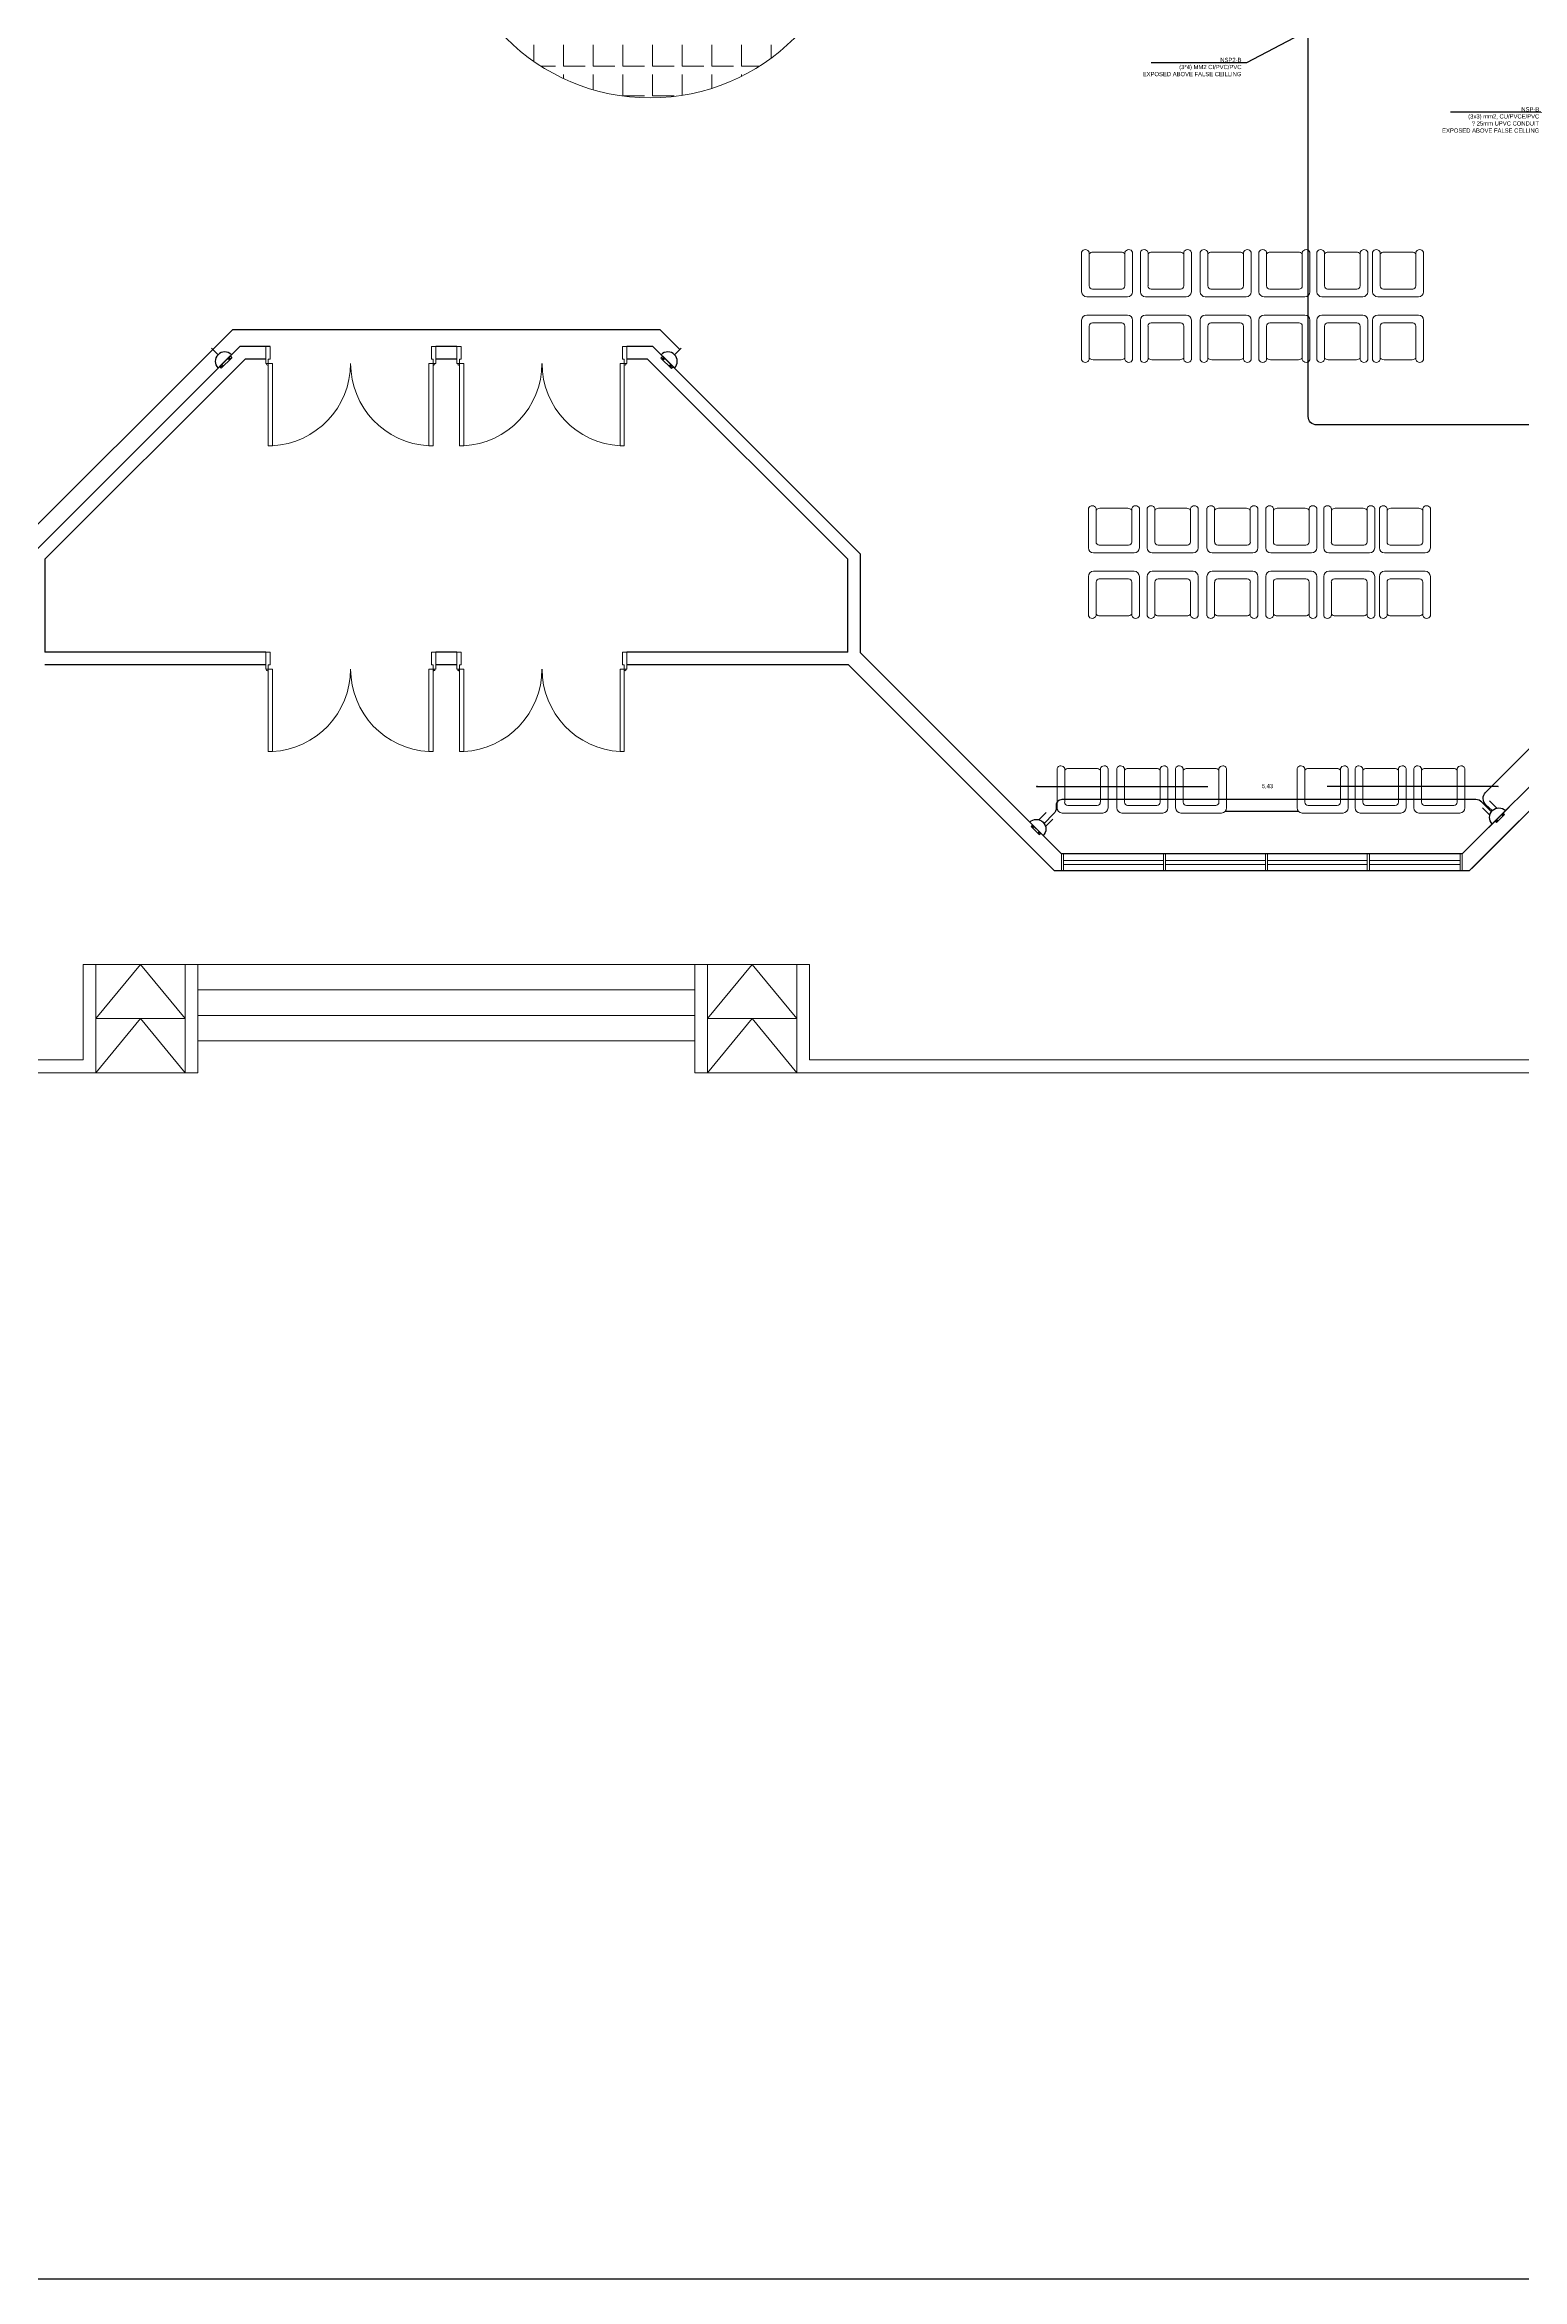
# Model space of a CAD drawing. Extents: x -1451 to 148, y -12854 to 856.
# Drawn here: x 27.07 to 44.47, y 312.72 to 339.03 of the extents above; entities that cross this region are included whole.
import ezdxf
from ezdxf import colors
from ezdxf.entities.mleader import LeaderData, LeaderLine
from ezdxf.math import Vec2, Vec3

# ---------------------------------------------------------------- set-up
doc = ezdxf.new("R2010")
doc.units = 0
doc.header["$LTSCALE"] = 0.15
doc.layers.get('0').update_dxf_attribs({"color": 252})
doc.layers.get('Defpoints').update_dxf_attribs({"color": 252})
for name, color, linetype in [('0 BDH', 252, 'Continuous'), ('0 NORMAL WIRING', 252, 'Continuous'), ('0 sockets', 252, 'Continuous'), ('0 TEXTT', 4, 'Continuous'), ('bound', 252, 'Continuous'), ('C1', 252, 'Continuous'), ('E-SOCK', 2, 'Continuous')]:
    doc.layers.add(name, color=color, linetype=linetype)
for name, color, linetype, lineweight in [('0 DIM', 6, 'Continuous', 5), ('anal', 252, 'Continuous', 20), ('DOOR', 252, 'Continuous', 20), ('elev', 252, 'Continuous', 9), ('FUR', 252, 'Continuous', 9), ('wall', 252, 'Continuous', 30)]:
    doc.layers.add(name, color=color, linetype=linetype, lineweight=lineweight)
doc.dimstyles.new('ISO-25', dxfattribs={"dimtxt": 0.05, "dimasz": 0.01, "dimexe": 0, "dimexo": 0, "dimtad": 0, "dimtoh": 1, "dimtxsty": 'Standard', "dimblk": 'CLOSED', "dimcen": 2.5, "dimse1": 1, "dimse2": 1, "dimclrd": 1, "dimadec": 0, "dimazin": 0, "dimtfac": 1, "dimtix": 1, "dimtmove": 1, "dimatfit": 0, "dimfxl": 1, "dimarcsym": 0})

# ---------------------------------------------------------------- blocks, each defined once
blk = doc.blocks.new('s')
at = {"layer": '0 BDH', "linetype": 'ByBlock'}
h = blk.add_hatch(dxfattribs=at)
h.set_pattern_fill('ANGLE', color=2)
h.set_pattern_definition([(0, (-147.759, -393.318), (0, 6.985), [5.08, -1.905]), (90, (-147.759, -393.318), (-6.985, 4e-16), [5.08, -1.905])])
h.paths.add_polyline_path([(0.073, 0.002, 1), (0.054, 0.002, 1)])
at = {"layer": '0 BDH', "color": 6, "linetype": 'ByBlock'}
blk.add_lwpolyline([(-0.089, 0.015), (0.089, 0.015), (0.089, -0.015), (-0.089, -0.015)], close=True, dxfattribs=at)
for centre in [(-0.064, 0.002), (0.064, 0.002)]:
    blk.add_circle(centre, 0.00918, dxfattribs=at)
blk = doc.blocks.new('*U276')
at = {"layer": 'E-SOCK'}
for p, q in [((-0.077, -0.021), (-0.077, 0.142)), ((0.077, -0.021), (0.077, 0.142)), ((-0.223, -0.149), (0.223, -0.149))]:
    blk.add_line(p, q, dxfattribs=at)
blk.add_arc((0, -0.149), 0.149, 0, 180, dxfattribs=at)
at = {"layer": '0 BDH', "color": 6, "linetype": 'ByBlock'}
blk.add_blockref('s', (-0.005, -0.163), dxfattribs=at)
blk = doc.blocks.new('D200')
at = {"layer": 'DOOR'}
for points in [[(0.03, 0.2), (0.03, 1.17), (0.08, 1.17), (0.08, 0.2)], [(1.97, 0.2), (1.97, 1.17), (1.92, 1.17), (1.92, 0.2)], [(0.03, 0.2), (0, 0.2), (0, 0), (0.05, 0), (0.05, 0.15), (0.03, 0.15)], [(1.97, 0.2), (2, 0.2), (2, 0), (1.95, 0), (1.95, 0.15), (1.97, 0.15)]]:
    blk.add_lwpolyline(points, close=True, dxfattribs=at)
for centre in [(0.02, 0.21), (1.98, 0.21)]:
    blk.add_circle(centre, 0.01, dxfattribs=at)
for centre, start, end in [((0.027, 0.2), 0, 87.0492), ((1.97, 0.2), 92.9508, 180)]:
    blk.add_arc(centre, 0.971, start, end, dxfattribs=at)
blk = doc.blocks.new('ARCH')
at = {"layer": 'elev'}
h = blk.add_hatch(dxfattribs=at)
h.set_pattern_fill('ANGLE', color=256, scale=0.05, style=0)
h.set_pattern_definition([(0, (0, 0), (0, 0.34925), [0.254, -0.09525]), (90, (0, 0), (-0.34925, 2e-17), [0.254, -0.09525])])
h.paths.add_polyline_path([(31.8, 340.8, 0.21525), (32.613, 339), (35.787, 339, 0.21525), (36.6, 340.8, 1)])
h.paths.add_polyline_path([(35.787, 339), (32.613, 339, 0.377964)])
at = {"layer": 'anal'}
for p, q in [((39.041, 329.5), (39.041, 329.3)), ((39.066, 329.5), (39.066, 329.3)), ((39.066, 329.425), (40.237, 329.425)), ((39.066, 329.425), (40.237, 329.425)), ((39.066, 329.375), (40.237, 329.375)), ((39.066, 329.375), (40.237, 329.375)), ((40.241, 329.5), (40.241, 329.3)), ((40.266, 329.5), (40.266, 329.3)), ((40.266, 329.425), (41.437, 329.425)), ((40.266, 329.425), (41.437, 329.425)), ((40.266, 329.375), (41.437, 329.375)), ((40.266, 329.375), (41.437, 329.375)), ((41.441, 329.5), (41.441, 329.3)), ((41.466, 329.5), (41.466, 329.3)), ((41.466, 329.425), (42.637, 329.425)), ((41.466, 329.425), (42.637, 329.425)), ((41.466, 329.375), (42.637, 329.375)), ((41.466, 329.375), (42.637, 329.375)), ((42.641, 329.5), (42.641, 329.3)), ((42.666, 329.5), (42.666, 329.3)), ((42.666, 329.425), (43.734, 329.425)), ((42.666, 329.375), (43.734, 329.375)), ((43.734, 329.5), (43.734, 329.3)), ((43.759, 329.5), (43.759, 329.3)), ((36.075, 328.2), (27.525, 328.2)), ((27.525, 327.075), (27.525, 328.2)), ((27.675, 327.562), (28.2, 328.2)), ((27.675, 326.925), (27.675, 328.2)), ((28.2, 328.2), (28.725, 327.562)), ((28.725, 328.2), (28.725, 326.925)), ((28.875, 328.2), (28.875, 326.925)), ((34.725, 328.2), (34.725, 326.925)), ((34.875, 327.562), (35.4, 328.2)), ((34.875, 328.2), (34.875, 326.925)), ((35.4, 328.2), (35.925, 327.562)), ((35.925, 326.925), (35.925, 328.2)), ((36.075, 327.075), (36.075, 328.2)), ((34.725, 327.9), (28.875, 327.9)), ((27.675, 327.562), (28.725, 327.562)), ((28.2, 327.562), (27.675, 326.925)), ((28.2, 327.562), (28.725, 326.925)), ((34.725, 327.6), (28.875, 327.6)), ((34.875, 326.925), (35.4, 327.562)), ((34.875, 327.562), (35.925, 327.562)), ((35.4, 327.562), (35.925, 326.925)), ((34.725, 327.3), (28.875, 327.3)), ((27.525, 327.075), (5.475, 327.075)), ((58.125, 327.075), (36.075, 327.075)), ((28.875, 326.925), (5.325, 326.925)), ((28.725, 326.925), (27.675, 326.925)), ((28.875, 326.925), (28.725, 326.925)), ((58.275, 326.925), (34.725, 326.925)), ((34.875, 326.925), (34.725, 326.925)), ((35.925, 326.925), (34.875, 326.925))]:
    blk.add_line(p, q, dxfattribs=at)
blk.add_circle((34.2, 340.8), 2.4, dxfattribs=at)
at = {"layer": 'bound', "color": 2}
blk.add_lwpolyline([(91.902, 377.348), (94.426, 377.348), (94.426, 312.722), (-14.994, 312.722), (-14.994, 377.09), (94.639, 377.09)], dxfattribs=at)
at = {"layer": 'C1'}
blk.add_line((41.833, 330), (40.967, 330), dxfattribs=at)
at = {"layer": 'FUR'}
for p, q in [((39.278, 336.584), (39.278, 336.119)), ((39.368, 336.582), (39.368, 336.187)), ((39.743, 336.584), (39.413, 336.584)), ((39.788, 336.187), (39.788, 336.582)), ((39.878, 336.119), (39.878, 336.584)), ((39.97, 336.584), (39.97, 336.119)), ((40.06, 336.582), (40.06, 336.187)), ((40.435, 336.584), (40.105, 336.584)), ((40.48, 336.187), (40.48, 336.582)), ((40.57, 336.119), (40.57, 336.584)), ((40.674, 336.584), (40.674, 336.119)), ((40.764, 336.582), (40.764, 336.187)), ((41.139, 336.584), (40.809, 336.584)), ((41.184, 336.187), (41.184, 336.582)), ((41.274, 336.119), (41.274, 336.584)), ((41.365, 336.584), (41.365, 336.119)), ((41.455, 336.582), (41.455, 336.187)), ((41.83, 336.584), (41.5, 336.584)), ((41.875, 336.187), (41.875, 336.582)), ((41.965, 336.119), (41.965, 336.584)), ((42.047, 336.584), (42.047, 336.119)), ((42.137, 336.582), (42.137, 336.187)), ((42.512, 336.584), (42.182, 336.584)), ((42.557, 336.187), (42.557, 336.582)), ((42.647, 336.119), (42.647, 336.584)), ((42.703, 336.584), (42.703, 336.119)), ((42.793, 336.582), (42.793, 336.187)), ((43.168, 336.584), (42.838, 336.584)), ((43.213, 336.187), (43.213, 336.582)), ((43.303, 336.119), (43.303, 336.584)), ((39.338, 336.059), (39.818, 336.059)), ((39.405, 336.149), (39.75, 336.149)), ((40.03, 336.059), (40.51, 336.059)), ((40.097, 336.149), (40.442, 336.149)), ((40.734, 336.059), (41.214, 336.059)), ((40.801, 336.149), (41.146, 336.149)), ((41.425, 336.059), (41.905, 336.059)), ((41.493, 336.149), (41.838, 336.149)), ((42.107, 336.059), (42.587, 336.059)), ((42.174, 336.149), (42.519, 336.149)), ((42.763, 336.059), (43.243, 336.059)), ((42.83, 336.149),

· · · · ·

#### What you are asked to do
What lines in the material above include "True"? Copy every one of them.

#### Your response
blk.add_lwpolyline([(-0.089, 0.015), (0.089, 0.015), (0.089, -0.015), (-0.089, -0.015)], close=True, dxfattribs=at)
    blk.add_lwpolyline(points, close=True, dxfattribs=at)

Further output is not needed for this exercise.